**DATA SUPPLIED:**
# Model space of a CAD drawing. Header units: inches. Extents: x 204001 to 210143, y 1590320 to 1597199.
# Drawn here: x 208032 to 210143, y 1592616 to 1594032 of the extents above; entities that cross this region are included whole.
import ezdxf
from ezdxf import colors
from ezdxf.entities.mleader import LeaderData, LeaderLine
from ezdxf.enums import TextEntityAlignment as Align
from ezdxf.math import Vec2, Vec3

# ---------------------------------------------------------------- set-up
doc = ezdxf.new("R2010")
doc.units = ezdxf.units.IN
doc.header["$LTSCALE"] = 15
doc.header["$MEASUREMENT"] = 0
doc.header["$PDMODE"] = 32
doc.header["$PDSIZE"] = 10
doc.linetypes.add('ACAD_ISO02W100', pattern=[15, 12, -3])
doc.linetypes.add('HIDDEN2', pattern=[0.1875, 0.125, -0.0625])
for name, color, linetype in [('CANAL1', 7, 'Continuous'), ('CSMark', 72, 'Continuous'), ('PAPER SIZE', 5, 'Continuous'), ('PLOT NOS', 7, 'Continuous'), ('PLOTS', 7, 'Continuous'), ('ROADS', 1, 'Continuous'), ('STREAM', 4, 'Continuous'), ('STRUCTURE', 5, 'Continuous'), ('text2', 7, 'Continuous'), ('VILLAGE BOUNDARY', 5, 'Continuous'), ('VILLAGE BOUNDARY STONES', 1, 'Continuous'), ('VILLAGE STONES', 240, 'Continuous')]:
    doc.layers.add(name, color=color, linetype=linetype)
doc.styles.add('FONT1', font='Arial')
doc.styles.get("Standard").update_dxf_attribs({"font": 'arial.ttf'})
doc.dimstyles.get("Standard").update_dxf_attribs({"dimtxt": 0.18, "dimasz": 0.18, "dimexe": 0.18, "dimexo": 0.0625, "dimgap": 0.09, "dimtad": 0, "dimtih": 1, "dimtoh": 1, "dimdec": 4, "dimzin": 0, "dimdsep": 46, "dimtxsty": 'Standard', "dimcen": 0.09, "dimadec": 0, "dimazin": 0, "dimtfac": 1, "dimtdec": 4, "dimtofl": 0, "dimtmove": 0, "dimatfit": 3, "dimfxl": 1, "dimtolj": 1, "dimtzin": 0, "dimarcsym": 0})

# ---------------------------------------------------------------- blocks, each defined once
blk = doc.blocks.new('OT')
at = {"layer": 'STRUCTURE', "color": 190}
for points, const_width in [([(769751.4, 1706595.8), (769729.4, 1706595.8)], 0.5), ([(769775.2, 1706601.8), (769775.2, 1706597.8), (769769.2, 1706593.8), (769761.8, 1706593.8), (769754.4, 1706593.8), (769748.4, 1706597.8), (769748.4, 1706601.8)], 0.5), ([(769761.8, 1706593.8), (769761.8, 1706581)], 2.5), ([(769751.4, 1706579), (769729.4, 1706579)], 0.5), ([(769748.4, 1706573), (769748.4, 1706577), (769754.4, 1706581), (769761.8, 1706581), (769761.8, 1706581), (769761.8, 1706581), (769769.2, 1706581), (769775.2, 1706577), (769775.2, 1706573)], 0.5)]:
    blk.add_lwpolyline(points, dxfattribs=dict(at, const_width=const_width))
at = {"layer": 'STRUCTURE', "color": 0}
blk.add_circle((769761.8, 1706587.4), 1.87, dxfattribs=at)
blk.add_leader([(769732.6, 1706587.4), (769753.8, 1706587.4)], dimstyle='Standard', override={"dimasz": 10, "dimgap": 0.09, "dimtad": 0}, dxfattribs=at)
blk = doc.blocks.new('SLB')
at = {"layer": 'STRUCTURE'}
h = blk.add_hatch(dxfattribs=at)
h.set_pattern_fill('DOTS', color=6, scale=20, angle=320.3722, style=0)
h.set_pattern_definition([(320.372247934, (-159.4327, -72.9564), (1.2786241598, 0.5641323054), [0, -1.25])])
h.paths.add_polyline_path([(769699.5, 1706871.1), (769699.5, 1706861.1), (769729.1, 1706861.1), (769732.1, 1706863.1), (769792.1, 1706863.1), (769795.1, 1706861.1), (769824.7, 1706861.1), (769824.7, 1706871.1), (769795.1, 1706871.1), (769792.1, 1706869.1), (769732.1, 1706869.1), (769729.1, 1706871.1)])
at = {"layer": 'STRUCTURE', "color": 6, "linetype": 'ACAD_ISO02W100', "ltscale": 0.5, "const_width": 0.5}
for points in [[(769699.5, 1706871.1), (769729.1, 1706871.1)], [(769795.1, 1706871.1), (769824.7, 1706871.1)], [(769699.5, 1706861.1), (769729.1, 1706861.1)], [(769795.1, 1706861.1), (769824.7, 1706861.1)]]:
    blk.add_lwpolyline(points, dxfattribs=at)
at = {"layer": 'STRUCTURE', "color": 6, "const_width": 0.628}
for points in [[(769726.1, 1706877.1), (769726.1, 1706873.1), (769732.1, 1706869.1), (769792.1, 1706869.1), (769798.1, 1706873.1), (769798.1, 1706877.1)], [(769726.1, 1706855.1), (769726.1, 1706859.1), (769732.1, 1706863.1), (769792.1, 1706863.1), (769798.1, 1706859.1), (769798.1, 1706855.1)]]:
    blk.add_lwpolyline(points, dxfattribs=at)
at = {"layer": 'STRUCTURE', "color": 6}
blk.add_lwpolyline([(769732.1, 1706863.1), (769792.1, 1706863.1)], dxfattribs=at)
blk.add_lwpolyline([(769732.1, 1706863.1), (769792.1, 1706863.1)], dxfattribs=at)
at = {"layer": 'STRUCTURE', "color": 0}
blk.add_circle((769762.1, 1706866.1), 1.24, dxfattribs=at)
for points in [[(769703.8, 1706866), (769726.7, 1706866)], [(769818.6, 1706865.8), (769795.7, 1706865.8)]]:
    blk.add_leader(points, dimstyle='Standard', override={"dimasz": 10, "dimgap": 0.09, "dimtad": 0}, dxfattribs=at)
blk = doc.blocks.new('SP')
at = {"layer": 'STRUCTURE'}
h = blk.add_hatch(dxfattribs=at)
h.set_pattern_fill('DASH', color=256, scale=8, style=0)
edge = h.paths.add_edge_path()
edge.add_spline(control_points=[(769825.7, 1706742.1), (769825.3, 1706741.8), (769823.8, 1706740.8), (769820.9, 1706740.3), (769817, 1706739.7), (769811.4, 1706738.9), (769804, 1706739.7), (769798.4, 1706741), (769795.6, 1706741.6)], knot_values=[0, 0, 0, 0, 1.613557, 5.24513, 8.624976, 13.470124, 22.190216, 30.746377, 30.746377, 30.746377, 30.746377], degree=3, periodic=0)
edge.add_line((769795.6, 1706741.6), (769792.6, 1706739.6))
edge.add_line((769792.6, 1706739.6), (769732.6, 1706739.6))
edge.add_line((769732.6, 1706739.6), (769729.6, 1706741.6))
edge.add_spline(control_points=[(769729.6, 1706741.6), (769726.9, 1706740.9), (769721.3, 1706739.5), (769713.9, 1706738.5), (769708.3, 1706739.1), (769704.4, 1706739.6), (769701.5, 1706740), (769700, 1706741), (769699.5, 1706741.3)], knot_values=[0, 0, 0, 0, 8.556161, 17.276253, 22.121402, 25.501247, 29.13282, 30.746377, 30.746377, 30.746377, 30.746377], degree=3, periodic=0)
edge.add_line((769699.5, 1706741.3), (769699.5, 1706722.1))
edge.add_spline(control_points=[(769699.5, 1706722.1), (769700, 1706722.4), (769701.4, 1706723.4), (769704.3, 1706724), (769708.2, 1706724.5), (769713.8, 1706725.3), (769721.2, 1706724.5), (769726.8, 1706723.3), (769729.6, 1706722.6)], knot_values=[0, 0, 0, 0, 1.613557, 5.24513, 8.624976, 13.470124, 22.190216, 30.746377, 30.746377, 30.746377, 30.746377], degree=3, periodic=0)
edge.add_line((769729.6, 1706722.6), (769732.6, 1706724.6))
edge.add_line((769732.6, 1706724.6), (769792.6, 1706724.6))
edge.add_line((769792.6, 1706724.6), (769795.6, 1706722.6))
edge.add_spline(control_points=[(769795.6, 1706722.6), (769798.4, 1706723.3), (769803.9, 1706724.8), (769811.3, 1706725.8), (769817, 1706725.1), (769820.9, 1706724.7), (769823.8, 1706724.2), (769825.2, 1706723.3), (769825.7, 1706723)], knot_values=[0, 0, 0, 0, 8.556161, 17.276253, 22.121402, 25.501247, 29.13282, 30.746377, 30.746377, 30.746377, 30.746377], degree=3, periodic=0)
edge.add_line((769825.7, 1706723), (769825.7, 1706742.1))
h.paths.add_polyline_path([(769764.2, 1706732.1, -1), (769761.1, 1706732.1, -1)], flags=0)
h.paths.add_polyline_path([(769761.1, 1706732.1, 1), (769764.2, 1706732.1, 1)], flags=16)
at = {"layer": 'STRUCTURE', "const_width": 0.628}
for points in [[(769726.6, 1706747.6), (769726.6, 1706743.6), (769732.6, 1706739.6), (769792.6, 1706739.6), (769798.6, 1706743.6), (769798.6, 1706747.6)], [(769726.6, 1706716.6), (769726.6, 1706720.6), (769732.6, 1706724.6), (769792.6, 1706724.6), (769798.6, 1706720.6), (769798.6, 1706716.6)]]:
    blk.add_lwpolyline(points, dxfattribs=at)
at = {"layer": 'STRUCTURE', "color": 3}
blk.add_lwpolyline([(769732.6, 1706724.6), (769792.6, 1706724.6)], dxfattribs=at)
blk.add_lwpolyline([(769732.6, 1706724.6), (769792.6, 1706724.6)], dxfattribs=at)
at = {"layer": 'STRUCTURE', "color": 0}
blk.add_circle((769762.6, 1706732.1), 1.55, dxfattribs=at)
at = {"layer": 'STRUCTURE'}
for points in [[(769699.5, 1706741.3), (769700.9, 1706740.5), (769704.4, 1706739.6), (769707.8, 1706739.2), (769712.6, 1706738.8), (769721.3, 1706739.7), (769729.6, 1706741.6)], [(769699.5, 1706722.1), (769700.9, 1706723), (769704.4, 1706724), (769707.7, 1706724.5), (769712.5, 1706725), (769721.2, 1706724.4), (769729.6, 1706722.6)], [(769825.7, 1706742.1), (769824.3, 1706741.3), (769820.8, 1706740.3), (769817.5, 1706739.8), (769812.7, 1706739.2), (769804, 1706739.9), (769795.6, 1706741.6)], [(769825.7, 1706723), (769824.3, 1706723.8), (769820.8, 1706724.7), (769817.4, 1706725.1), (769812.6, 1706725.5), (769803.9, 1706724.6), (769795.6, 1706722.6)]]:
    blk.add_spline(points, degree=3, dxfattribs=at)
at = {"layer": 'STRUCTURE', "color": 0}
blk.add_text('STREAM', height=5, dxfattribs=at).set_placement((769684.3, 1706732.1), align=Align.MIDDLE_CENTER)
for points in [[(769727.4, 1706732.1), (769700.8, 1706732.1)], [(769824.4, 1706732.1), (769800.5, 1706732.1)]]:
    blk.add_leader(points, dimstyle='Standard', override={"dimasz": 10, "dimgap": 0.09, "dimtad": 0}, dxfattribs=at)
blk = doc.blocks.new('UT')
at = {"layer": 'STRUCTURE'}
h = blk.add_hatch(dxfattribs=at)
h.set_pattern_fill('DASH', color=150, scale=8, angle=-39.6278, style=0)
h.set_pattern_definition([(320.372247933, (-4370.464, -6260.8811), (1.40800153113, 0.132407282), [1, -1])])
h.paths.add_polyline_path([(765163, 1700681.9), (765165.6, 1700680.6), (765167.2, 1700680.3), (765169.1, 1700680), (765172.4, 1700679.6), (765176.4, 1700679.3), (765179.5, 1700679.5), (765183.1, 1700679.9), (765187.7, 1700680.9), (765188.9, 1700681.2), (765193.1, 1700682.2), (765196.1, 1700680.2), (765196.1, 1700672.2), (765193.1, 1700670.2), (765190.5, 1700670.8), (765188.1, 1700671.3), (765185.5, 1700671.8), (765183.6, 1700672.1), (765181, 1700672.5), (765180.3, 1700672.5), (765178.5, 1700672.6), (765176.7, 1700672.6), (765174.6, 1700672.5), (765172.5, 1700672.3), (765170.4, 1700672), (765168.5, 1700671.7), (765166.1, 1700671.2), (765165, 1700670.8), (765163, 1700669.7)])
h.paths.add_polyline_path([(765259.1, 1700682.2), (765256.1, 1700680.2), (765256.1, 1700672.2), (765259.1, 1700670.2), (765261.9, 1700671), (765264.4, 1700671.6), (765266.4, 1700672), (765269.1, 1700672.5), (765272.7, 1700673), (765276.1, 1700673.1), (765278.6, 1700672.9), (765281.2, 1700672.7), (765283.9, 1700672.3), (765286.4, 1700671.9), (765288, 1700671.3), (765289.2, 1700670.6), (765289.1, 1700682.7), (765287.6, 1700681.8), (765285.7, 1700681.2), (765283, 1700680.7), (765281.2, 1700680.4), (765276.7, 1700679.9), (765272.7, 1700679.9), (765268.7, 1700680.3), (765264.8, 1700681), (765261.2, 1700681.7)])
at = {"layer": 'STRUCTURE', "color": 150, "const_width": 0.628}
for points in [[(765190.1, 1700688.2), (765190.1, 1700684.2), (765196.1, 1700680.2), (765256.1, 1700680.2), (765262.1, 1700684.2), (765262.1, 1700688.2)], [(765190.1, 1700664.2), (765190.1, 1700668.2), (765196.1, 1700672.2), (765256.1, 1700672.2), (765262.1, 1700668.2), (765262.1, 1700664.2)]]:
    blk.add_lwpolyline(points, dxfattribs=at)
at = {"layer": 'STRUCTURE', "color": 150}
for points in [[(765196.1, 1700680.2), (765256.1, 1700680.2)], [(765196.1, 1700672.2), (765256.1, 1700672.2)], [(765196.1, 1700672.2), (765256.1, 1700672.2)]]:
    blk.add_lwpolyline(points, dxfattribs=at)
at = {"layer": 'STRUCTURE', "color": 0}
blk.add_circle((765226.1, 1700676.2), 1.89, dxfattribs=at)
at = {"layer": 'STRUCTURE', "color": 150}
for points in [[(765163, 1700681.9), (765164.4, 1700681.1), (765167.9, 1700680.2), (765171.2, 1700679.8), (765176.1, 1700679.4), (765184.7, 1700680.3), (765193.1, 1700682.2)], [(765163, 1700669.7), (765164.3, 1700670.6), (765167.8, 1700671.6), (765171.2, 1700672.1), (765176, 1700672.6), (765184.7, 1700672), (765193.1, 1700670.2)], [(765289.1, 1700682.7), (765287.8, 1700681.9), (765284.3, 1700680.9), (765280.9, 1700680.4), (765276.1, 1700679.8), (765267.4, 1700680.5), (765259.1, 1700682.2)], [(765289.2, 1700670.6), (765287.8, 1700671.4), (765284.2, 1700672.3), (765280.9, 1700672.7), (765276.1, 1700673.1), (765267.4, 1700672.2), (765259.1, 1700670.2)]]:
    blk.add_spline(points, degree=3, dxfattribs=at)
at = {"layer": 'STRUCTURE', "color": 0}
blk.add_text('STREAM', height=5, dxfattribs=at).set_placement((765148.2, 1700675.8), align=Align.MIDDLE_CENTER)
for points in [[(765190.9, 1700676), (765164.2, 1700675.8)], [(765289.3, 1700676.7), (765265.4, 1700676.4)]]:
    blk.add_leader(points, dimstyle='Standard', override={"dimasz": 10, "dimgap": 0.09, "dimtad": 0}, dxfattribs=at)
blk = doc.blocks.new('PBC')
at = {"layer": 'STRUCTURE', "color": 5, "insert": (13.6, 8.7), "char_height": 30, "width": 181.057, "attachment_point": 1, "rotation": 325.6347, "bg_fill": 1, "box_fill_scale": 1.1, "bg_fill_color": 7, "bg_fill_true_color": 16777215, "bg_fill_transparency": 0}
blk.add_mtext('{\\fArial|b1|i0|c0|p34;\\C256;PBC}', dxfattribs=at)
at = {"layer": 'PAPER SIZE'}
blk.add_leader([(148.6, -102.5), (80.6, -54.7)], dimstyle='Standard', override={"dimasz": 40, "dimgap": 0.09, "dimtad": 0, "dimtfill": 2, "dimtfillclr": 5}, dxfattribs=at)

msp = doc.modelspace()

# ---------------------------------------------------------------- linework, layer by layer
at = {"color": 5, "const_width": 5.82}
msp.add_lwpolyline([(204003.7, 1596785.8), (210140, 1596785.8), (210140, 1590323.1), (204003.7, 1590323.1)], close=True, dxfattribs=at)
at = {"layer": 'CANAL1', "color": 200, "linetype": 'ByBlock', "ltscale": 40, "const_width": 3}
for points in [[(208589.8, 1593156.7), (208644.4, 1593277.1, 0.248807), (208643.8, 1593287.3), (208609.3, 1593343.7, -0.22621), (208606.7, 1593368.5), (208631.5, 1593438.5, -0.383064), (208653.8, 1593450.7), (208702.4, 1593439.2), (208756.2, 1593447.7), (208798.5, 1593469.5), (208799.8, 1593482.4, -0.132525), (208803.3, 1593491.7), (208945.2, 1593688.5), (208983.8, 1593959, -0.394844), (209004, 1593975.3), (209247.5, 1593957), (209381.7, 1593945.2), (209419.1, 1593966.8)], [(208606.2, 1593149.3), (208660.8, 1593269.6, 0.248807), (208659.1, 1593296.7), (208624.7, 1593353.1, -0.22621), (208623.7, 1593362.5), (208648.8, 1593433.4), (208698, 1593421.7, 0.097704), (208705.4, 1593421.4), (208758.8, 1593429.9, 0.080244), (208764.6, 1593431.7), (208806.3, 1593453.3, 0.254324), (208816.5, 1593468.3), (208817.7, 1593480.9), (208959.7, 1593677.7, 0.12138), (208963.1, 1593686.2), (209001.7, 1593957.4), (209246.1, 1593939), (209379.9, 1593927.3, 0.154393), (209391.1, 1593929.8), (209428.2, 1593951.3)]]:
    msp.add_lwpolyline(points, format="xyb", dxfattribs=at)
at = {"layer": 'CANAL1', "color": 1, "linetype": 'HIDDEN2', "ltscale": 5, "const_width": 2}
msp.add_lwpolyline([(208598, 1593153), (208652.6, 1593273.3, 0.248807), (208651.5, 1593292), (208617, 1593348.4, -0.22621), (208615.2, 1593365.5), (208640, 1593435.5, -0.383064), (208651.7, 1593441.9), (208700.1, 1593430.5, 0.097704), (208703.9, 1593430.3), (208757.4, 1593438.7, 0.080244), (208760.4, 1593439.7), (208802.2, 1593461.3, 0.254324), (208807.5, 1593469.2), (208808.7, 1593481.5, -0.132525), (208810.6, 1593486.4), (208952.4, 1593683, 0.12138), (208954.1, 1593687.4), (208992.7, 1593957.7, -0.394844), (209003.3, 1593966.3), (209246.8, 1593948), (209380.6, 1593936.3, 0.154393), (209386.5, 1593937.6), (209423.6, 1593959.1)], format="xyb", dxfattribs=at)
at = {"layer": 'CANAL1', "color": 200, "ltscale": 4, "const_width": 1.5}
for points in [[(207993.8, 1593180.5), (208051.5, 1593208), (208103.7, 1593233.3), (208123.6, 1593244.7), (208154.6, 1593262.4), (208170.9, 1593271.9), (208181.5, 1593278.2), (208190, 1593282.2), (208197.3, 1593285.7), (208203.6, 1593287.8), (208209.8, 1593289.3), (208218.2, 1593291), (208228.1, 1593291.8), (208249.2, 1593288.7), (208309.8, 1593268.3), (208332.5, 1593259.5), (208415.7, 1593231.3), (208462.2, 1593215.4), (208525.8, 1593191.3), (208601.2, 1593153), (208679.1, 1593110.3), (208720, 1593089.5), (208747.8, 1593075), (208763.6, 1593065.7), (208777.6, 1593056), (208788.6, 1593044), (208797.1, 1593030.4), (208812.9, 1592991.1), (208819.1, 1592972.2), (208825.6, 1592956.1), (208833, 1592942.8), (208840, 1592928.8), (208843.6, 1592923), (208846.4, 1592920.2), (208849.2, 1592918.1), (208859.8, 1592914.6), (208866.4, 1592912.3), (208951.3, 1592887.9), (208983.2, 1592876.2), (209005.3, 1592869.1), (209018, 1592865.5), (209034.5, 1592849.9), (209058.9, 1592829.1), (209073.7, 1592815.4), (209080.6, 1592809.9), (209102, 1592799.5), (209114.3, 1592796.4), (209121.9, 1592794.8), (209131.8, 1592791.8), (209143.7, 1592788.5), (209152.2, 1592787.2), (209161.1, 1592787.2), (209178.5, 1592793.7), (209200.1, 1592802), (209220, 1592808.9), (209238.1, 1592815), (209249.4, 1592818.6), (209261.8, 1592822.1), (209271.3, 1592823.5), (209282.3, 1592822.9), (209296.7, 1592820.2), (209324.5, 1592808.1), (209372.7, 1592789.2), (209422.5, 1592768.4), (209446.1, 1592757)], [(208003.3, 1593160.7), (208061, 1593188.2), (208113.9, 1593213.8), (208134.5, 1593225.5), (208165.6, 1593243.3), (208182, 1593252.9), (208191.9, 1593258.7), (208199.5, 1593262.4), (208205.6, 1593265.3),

**THE PROBLEM:** In the data above, repeat exactly each line from the first through the line that contains "doc.linetypes.add('HIDDEN2', pattern=[0.1875, 0.125, -0.0625])", and give nothing else.

**RESPONSE TO THE TASK:**
# Model space of a CAD drawing. Header units: inches. Extents: x 204001 to 210143, y 1590320 to 1597199.
# Drawn here: x 208032 to 210143, y 1592616 to 1594032 of the extents above; entities that cross this region are included whole.
import ezdxf
from ezdxf import colors
from ezdxf.entities.mleader import LeaderData, LeaderLine
from ezdxf.enums import TextEntityAlignment as Align
from ezdxf.math import Vec2, Vec3

# ---------------------------------------------------------------- set-up
doc = ezdxf.new("R2010")
doc.units = ezdxf.units.IN
doc.header["$LTSCALE"] = 15
doc.header["$MEASUREMENT"] = 0
doc.header["$PDMODE"] = 32
doc.header["$PDSIZE"] = 10
doc.linetypes.add('ACAD_ISO02W100', pattern=[15, 12, -3])
doc.linetypes.add('HIDDEN2', pattern=[0.1875, 0.125, -0.0625])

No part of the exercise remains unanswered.